Title: Development of novel tropical and spatial repellents

Author
item Bernier, Ulrich

Submitted to: Meeting Abstract
Publication Type: Abstract Only
Publication Acceptance Date: 2/6/2013
Publication Date: N/A
Citation: N/A

Interpretive Summary:

Technical Abstract: The United States Department of Agriculture (USDA) has examined over 30,000 repellents and insecticides for the U.S. military since 1942. In the past few years, sophisticated in silico approaches have been used to model the correlation between a subset of similarly structured chemicals from this archive and link the structures to the experimentally determined repellency. This approach has led to the discovery of new compounds with better repellency. Repellency is usually measured either in terms of duration, i.e. complete protection time (CPT) or minimum effective dosage (MED). The MED is an estimation of the threshold surface concentration at which a repellent fails or drops below the effective dose for 100% bite prevention (ED100). While the US Environmental Protection Agency (US EPA) requires CPT for registration of repellent products, we primarily assess the MED of compounds rather than the CPT. Collaborative efforts with other USDA laboratories are aimed at developing repellents from natural products. These plant-produced extracts and compounds are usually more volatile than synthetic repellents and therefore will not persist as long on the skin.

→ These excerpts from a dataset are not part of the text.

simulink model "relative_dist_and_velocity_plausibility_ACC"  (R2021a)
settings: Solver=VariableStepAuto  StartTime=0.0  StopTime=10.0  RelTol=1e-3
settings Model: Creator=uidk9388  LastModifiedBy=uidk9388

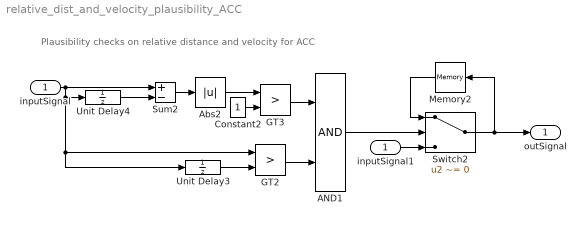
== system relative_dist_and_velocity_plausibility_ACC ==
  note: Plausibility checks on relative distance and velocity for ACC
  inputSignal : Inport
  AND1 : Logic  IconShape=distinctive  AllPortsSameDT=off  OutDataTypeStr=boolean
      mask Display: disp('AND')
  Abs2 : Abs
  Constant2 : Constant
  GT2 : RelationalOperator  Operator=>  OutDataTypeStr=boolean  RndMeth=Simplest
  GT3 : RelationalOperator  Operator=>  OutDataTypeStr=boolean  RndMeth=Simplest
  Memory2 : Memory
  Sum2 : Sum  Inputs=+-
  Switch2 : Switch  Criteria=u2 ~= 0  Threshold=0.4
  Unit Delay3 : UnitDelay  SampleTime=-1  HasFrameUpgradeWarning=on
  Unit Delay4 : UnitDelay  SampleTime=-1  HasFrameUpgradeWarning=on
  inputSignal1 : InportShadow
  outSignal : Outport
  wires:
  Unit Delay4/1 -> Sum2/2
  Constant2/1 -> GT3/2
  Memory2/1 -> Switch2/1
  inputSignal1/1 -> Switch2/3
  inputSignal/1 -> Unit Delay3/1, GT2/1, Unit Delay4/1, Sum2/1
  AND1/1 -> Switch2/2
  Switch2/1 -> Memory2/1, outSignal/1
  Sum2/1 -> Abs2/1
  Unit Delay3/1 -> GT2/2
  GT2/1 -> AND1/2
  GT3/1 -> AND1/1
  Abs2/1 -> GT3/1

Because of the volatility of these compounds, they are also good candidates for “spatial repellents” or “inhibitors.” Inhibitor chemicals mask the detection of odors rather than producing repellency which causes insects to move away from the source of the repellent. Some spatial repellent products on the market that contain natural products such as geraniol and linalool; however, none of these cloak (human) hosts as well as a class of nitrogen-containing heterocycles. These compounds offer a non-toxic alternative to personal protection from mosquitoes and other biting arthropods. This presentation will cover the USDA efforts to discover new synthetic and natural product topical repellents, and the discovery of chemicals make hosts invisible to arthropods.